Everything is a give/take. People are worrying about energy inefficient bulbs, replacing them with their more efficient fluorescent cousins, but are ignoring the problems those bulbs have with mercury. Or with LED bulbs, gallium aresenide. For example, the life returning to New York's harbor happens to be devouring all of the wooden structures built since they last died off.
Here's to losing my Karma Bonus again....
Yeah because we all know how very willing USA is to sacrifice anything for a cleaner environment / better world.
Stupid chinese people! Trying to catch up, teh horrorz!
The US delegation at all those Global Warming summits was constantly saying over and over that the rest of thew world can cap emissions and lower pollution but if China and the like don't join in then it will be pointless. In response for this common sense information the US delegation was boo'd and jeered until they finally gave in an allowed a consensus to come forth that didn't demand anything of China and third world countries.

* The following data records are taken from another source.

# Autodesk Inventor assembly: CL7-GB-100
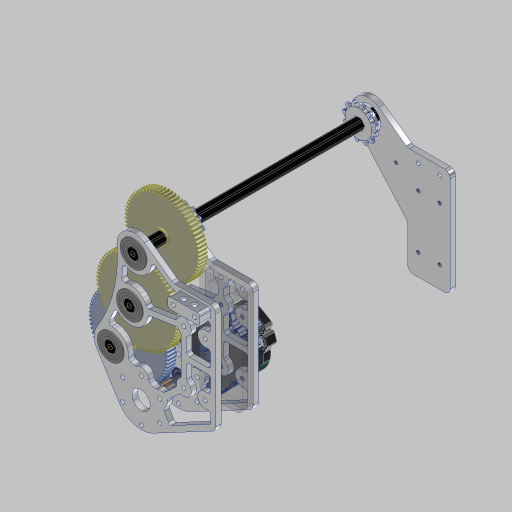
[picture p0: Inventor's stored thumbnail of the model, 512x512]
Saved by Autodesk Inventor 2023.5 (Build 275446000, 446)
## iProperties
Created: 2025-03-18
Part Number: CL7-GB-100
Document SubType Name: Assembly
Designer: slick
Mass: 1483.84 g
Surface Area: 2349.97 cm^2
Volume: 652.786 cm^3
Density: 2.27309 g/cm^3
Author: slick
## Documents named in this file (17)
- C:\Users\slick\OneDrive\Desktop\2025-ReefScape---CAD\Climber\CL7\CL-GB\CL7-GB-100.iam
- C:\Users\slick\OneDrive\Desktop\2025-ReefScape---CAD\Climber\CL7\CL-GB\CL7-GB-001.ipt
- C:\Users\slick\OneDrive\Desktop\2025-ReefScape---CAD\Climber\CL7\CL-GB\CL7-GB-002.ipt
- C:\Users\slick\OneDrive\Desktop\2025-ReefScape---CAD\Climber\CL7\CL-GB\CL7-GB-003.ipt
- C:\Users\slick\OneDrive\Desktop\2025-ReefScape---CAD\COMMON PARTS\MOTORS\Kracken with Cover and Boards.iam
- C:\Users\slick\OneDrive\Desktop\2025-ReefScape---CAD\COMMON PARTS\BEARINGS\13_75mm_1_2_ThunderHex_ID_x_1_125_OD_x_0_313_WD_Flanged_Bearing_217-4006_MIR.ipt
- C:\Users\slick\OneDrive\Desktop\2025-ReefScape---CAD\COMMON PARTS\GEARS\20dp .5 hex\72t_Aluminum_Spur_Gear_20_DP_1_2_Hex_Bore_217-3576.ipt
- C:\Users\slick\OneDrive\Desktop\2025-ReefScape---CAD\COMMON PARTS\GEARS\20dp .5 hex\18t_Aluminum_Spur_Gear_20_DP_1_2_Hex_Bore_217-3209.ipt
- C:\Users\slick\OneDrive\Desktop\2025-ReefScape---CAD\COMMON PARTS\GEARS\20dp .5 hex\74t_Aluminum_Spur_Gear_20_DP_1_2_Hex_Bore_217-5478.ipt
- C:\Users\slick\OneDrive\Desktop\2025-ReefScape---CAD\COMMON PARTS\GEARS\20dp .5 hex\20t_Aluminum_Spur_Gear_20_DP_1_2_Hex_Bore_217-2702.ipt
- C:\Users\slick\OneDrive\Desktop\2025-ReefScape---CAD\COMMON PARTS\GEARS\20dp .5 hex\68t_Aluminum_Spur_Gear_20_DP_1_2_Hex_Bore_217-5477.ipt
- C:\Users\slick\OneDrive\Desktop\2025-ReefScape---CAD\COMMON PARTS\GEARS\WCP-1006\WCP-1006.ipt
- C:\Users\slick\OneDrive\Desktop\2025-ReefScape---CAD\Climber\CL7\CL-GB\CL7-GB-004.ipt
- C:\Users\slick\OneDrive\Desktop\2025-ReefScape---CAD\COMMON PARTS\SPROCKETS\35\12t_Aluminum_Hub_Sprocket_35_Chain_1_2_Hex_Bore_217-2662.ipt
- C:\Users\slick\OneDrive\Desktop\2025-ReefScape---CAD\Climber\CL7\CL-GB\CL7-GB-006.ipt
- C:\Users\slick\OneDrive\Desktop\2025-ReefScape---CAD\Climber\CL7\CL-GB\CL7-GB-007.ipt
- C:\Users\slick\OneDrive\Desktop\2025-ReefScape---CAD\Climber\CL7\CL-GB\CL7-GB-008.ipt
## Components (24 placed, 16 different names)
1. CL7-GB-001:1 — Mate:2, Insert:6, Insert:7, Insert:8, Flush:5, Mate:18, Mate:19, Insert:14, Insert:15, Insert:16, Mate:23, Flush:12, Mate:34
2. CL7-GB-002:1 — Mate:2, Flush:1, Insert:9, Insert:10, Insert:11, Flush:5, Mate:23, Insert:17, Insert:18, Mate:33
3. CL7-GB-003:1 — Insert:1, Insert:2, Flush:1, Insert:15, Insert:16
4. CL7-GB-003:2 — Insert:1, Insert:2
5. Kracken with Cover and Boards:1 [sub-assembly] — Mate:18, Mate:19, Insert:14, Mate:20
6. 13_75mm_1_2_ThunderHex_ID_x_1_125_OD_x_0_313_WD_Flanged_Bearing_217-4006_MIR:1 — Insert:8, Mate:5, Mate:27, Flush:6
7. 13_75mm_1_2_ThunderHex_ID_x_1_125_OD_x_0_313_WD_Flanged_Bearing_217-4006_MIR:2 — Insert:7, Mate:28, Flush:7
8. 13_75mm_1_2_ThunderHex_ID_x_1_125_OD_x_0_313_WD_Flanged_Bearing_217-4006_MIR:3 — Insert:6, Mate:21, Mate:24
9. 13_75mm_1_2_ThunderHex_ID_x_1_125_OD_x_0_313_WD_Flanged_Bearing_217-4006_MIR:4 — Insert:11, Mate:12, Mate:29, Mate:30, Flush:11
10. 13_75mm_1_2_ThunderHex_ID_x_1_125_OD_x_0_313_WD_Flanged_Bearing_217-4006_MIR:5 — Insert:10, Mate:9, Mate:10, Mate:26
11. 13_75mm_1_2_ThunderHex_ID_x_1_125_OD_x_0_313_WD_Flanged_Bearing_217-4006_MIR:6 — Insert:9
12. 72t_Aluminum_Spur_Gear_20_DP_1_2_Hex_Bore_217-3576:1 — Mate:5, Mate:7, Flush:4, Mate:22
13. 18t_Aluminum_Spur_Gear_20_DP_1_2_Hex_Bore_217-3209:1 — Mate:7, Flush:2, Mate:22
14. 74t_Aluminum_Spur_Gear_20_DP_1_2_Hex_Bore_217-5478:1 — Mate:9, Flush:2, Mate:26
15. 20t_Aluminum_Spur_Gear_20_DP_1_2_Hex_Bore_217-2702:1 — Mate:10, Flush:3
16. 68t_Aluminum_Spur_Gear_20_DP_1_2_Hex_Bore_217-5477:1 — Mate:12, Flush:3, Mate:21
17. WCP-1006:1 — Flush:4, Mate:20
18. CL7-GB-004:1 — Insert:17, Insert:18
19. 12t_Aluminum_Hub_Sprocket_35_Chain_1_2_Hex_Bore_217-2662:1 — Mate:24, Mate:29
20. CL7-GB-006:1 — Mate:27, Flush:6
21. CL7-GB-006:2 — Mate:28, Flush:7
22. CL7-GB-007:1 — Mate:30, Flush:11, Mate:32
23. 12t_Aluminum_Hub_Sprocket_35_Chain_1_2_Hex_Bore_217-2662:2 — Mate:32
24. CL7-GB-008:1 — Mate:33, Flush:12, Mate:34
## Relationships (43: Mate 21, Insert 13, Flush 9)
- Insert:1: CL7-GB-003:1 ↔ CL7-GB-003:2
- Insert:2: CL7-GB-003:1 ↔ CL7-GB-003:2
- Mate:2: CL7-GB-001:1 ↔ CL7-GB-002:1
- Flush:1: CL7-GB-002:1 ↔ CL7-GB-003:1
- Insert:6: CL7-GB-001:1 ↔ 13_75mm_1_2_ThunderHex_ID_x_1_125_OD_x_0_313_WD_Flanged_Bearing_217-4006_MIR:3
- Insert:7: CL7-GB-001:1 ↔ 13_75mm_1_2_ThunderHex_ID_x_1_125_OD_x_0_313_WD_Flanged_Bearing_217-4006_MIR:2
- Insert:8: CL7-GB-001:1 ↔ 13_75mm_1_2_ThunderHex_ID_x_1_125_OD_x_0_313_WD_Flanged_Bearing_217-4006_MIR:1
- Insert:9: CL7-GB-002:1 ↔ 13_75mm_1_2_ThunderHex_ID_x_1_125_OD_x_0_313_WD_Flanged_Bearing_217-4006_MIR:6
- Insert:10: CL7-GB-002:1 ↔ 13_75mm_1_2_ThunderHex_ID_x_1_125_OD_x_0_313_WD_Flanged_Bearing_217-4006_MIR:5
- Insert:11: CL7-GB-002:1 ↔ 13_75mm_1_2_ThunderHex_ID_x_1_125_OD_x_0_313_WD_Flanged_Bearing_217-4006_MIR:4
- Mate:5: 13_75mm_1_2_ThunderHex_ID_x_1_125_OD_x_0_313_WD_Flanged_Bearing_217-4006_MIR:1 ↔ 72t_Aluminum_Spur_Gear_20_DP_1_2_Hex_Bore_217-3576:1
- Mate:7: 72t_Aluminum_Spur_Gear_20_DP_1_2_Hex_Bore_217-3576:1 ↔ 18t_Aluminum_Spur_Gear_20_DP_1_2_Hex_Bore_217-3209:1
- Mate:9: 13_75mm_1_2_ThunderHex_ID_x_1_125_OD_x_0_313_WD_Flanged_Bearing_217-4006_MIR:5 ↔ 74t_Aluminum_Spur_Gear_20_DP_1_2_Hex_Bore_217-5478:1
- Flush:2: 18t_Aluminum_Spur_Gear_20_DP_1_2_Hex_Bore_217-3209:1 ↔ 74t_Aluminum_Spur_Gear_20_DP_1_2_Hex_Bore_217-5478:1
- Mate:10: 13_75mm_1_2_ThunderHex_ID_x_1_125_OD_x_0_313_WD_Flanged_Bearing_217-4006_MIR:5 ↔ 20t_Aluminum_Spur_Gear_20_DP_1_2_Hex_Bore_217-2702:1
- Mate:12: 13_75mm_1_2_ThunderHex_ID_x_1_125_OD_x_0_313_WD_Flanged_Bearing_217-4006_MIR:4 ↔ 68t_Aluminum_Spur_Gear_20_DP_1_2_Hex_Bore_217-5477:1
- Flush:3: 20t_Aluminum_Spur_Gear_20_DP_1_2_Hex_Bore_217-2702:1 ↔ 68t_Aluminum_Spur_Gear_20_DP_1_2_Hex_Bore_217-5477:1
- Flush:4 (6.35 mm): 72t_Aluminum_Spur_Gear_20_DP_1_2_Hex_Bore_217-3576:1 ↔ WCP-1006:1
- Flush:5: CL7-GB-001:1 ↔ CL7-GB-002:1
- Mate:18: CL7-GB-001:1 ↔ Kracken with Cover and Boards:1
- Mate:19: CL7-GB-001:1 ↔ Kracken with Cover and Boards:1
- Insert:14: CL7-GB-001:1 ↔ Kracken with Cover and Boards:1
- Mate:20: Kracken with Cover and Boards:1 ↔ WCP-1006:1
- Mate:21: 13_75mm_1_2_ThunderHex_ID_x_1_125_OD_x_0_313_WD_Flanged_Bearing_217-4006_MIR:3 ↔ 68t_Aluminum_Spur_Gear_20_DP_1_2_Hex_Bore_217-5477:1
- Mate:22: 72t_Aluminum_Spur_Gear_20_DP_1_2_Hex_Bore_217-3576:1 ↔ 18t_Aluminum_Spur_Gear_20_DP_1_2_Hex_Bore_217-3209:1
- Insert:15: CL7-GB-001:1 ↔ CL7-GB-003:1
- Insert:16: CL7-GB-001:1 ↔ CL7-GB-003:1
- Mate:23 (38.1 mm): CL7-GB-001:1 ↔ CL7-GB-002:1
- Insert:17: CL7-GB-002:1 ↔ CL7-GB-004:1
- Insert:18: CL7-GB-002:1 ↔ CL7-GB-004:1
- Mate:24: 13_75mm_1_2_ThunderHex_ID_x_1_125_OD_x_0_313_WD_Flanged_Bearing_217-4006_MIR:3 ↔ 12t_Aluminum_Hub_Sprocket_35_Chain_1_2_Hex_Bore_217-2662:1
- Mate:26: 13_75mm_1_2_ThunderHex_ID_x_1_125_OD_x_0_313_WD_Flanged_Bearing_217-4006_MIR:5 ↔ 74t_Aluminum_Spur_Gear_20_DP_1_2_Hex_Bore_217-5478:1
- Mate:27: 13_75mm_1_2_ThunderHex_ID_x_1_125_OD_x_0_313_WD_Flanged_Bearing_217-4006_MIR:1 ↔ CL7-GB-006:1
- Flush:6: 13_75mm_1_2_ThunderHex_ID_x_1_125_OD_x_0_313_WD_Flanged_Bearing_217-4006_MIR:1 ↔ CL7-GB-006:1
- Mate:28: 13_75mm_1_2_ThunderHex_ID_x_1_125_OD_x_0_313_WD_Flanged_Bearing_217-4006_MIR:2 ↔ CL7-GB-006:2
- Flush:7: 13_75mm_1_2_ThunderHex_ID_x_1_125_OD_x_0_313_WD_Flanged_Bearing_217-4006_MIR:2 ↔ CL7-GB-006:2
- Mate:29 (-66.675 mm): 13_75mm_1_2_ThunderHex_ID_x_1_125_OD_x_0_313_WD_Flanged_Bearing_217-4006_MIR:4 ↔ 12t_Aluminum_Hub_Sprocket_35_Chain_1_2_Hex_Bore_217-2662:1
- Mate:30: 13_75mm_1_2_ThunderHex_ID_x_1_125_OD_x_0_313_WD_Flanged_Bearing_217-4006_MIR:4 ↔ CL7-GB-007:1
- Flush:11: 13_75mm_1_2_ThunderHex_ID_x_1_125_OD_x_0_313_WD_Flanged_Bearing_217-4006_MIR:4 ↔ CL7-GB-007:1
- Mate:32: CL7-GB-007:1 ↔ 12t_Aluminum_Hub_Sprocket_35_Chain_1_2_Hex_Bore_217-2662:2
- Mate:33: CL7-GB-002:1 ↔ CL7-GB-008:1
- Flush:12: CL7-GB-001:1 ↔ CL7-GB-008:1
- Mate:34 (228.6 mm): CL7-GB-001:1 ↔ CL7-GB-008:1

Their exports are pretty skunky, too. Would you care for some lead paint with your toy, junior?
Oh, but there I go being all liberal and gay and shit. Really, we should let the free markets decide what an acceptable level of poisoning should be for our children. "But they're using asbestos as a padding for the cushion in this crib!" The free market decided it was cheaper than foam. I'm sorry, but the market's decision is final, you'll just have to accept that.
That's just ridiculous.
Really, if the facts were known about asbestos, people wouldn't buy something asbestos-lined, and there would be demand for another product.
Buying an asbestos-lined crib in that case is just irresponsible. Build your own!
Seriously, arguments like that can be (and sadly, frequently are) used to justify the most egregious nanny-state abuses.
How about a little personal responsibility? Oh, I'm sorry, I suppose it's for the government to decide what your responsibility is, as well?
Que statist vs. libertarian flamewar in 3, 2, 1....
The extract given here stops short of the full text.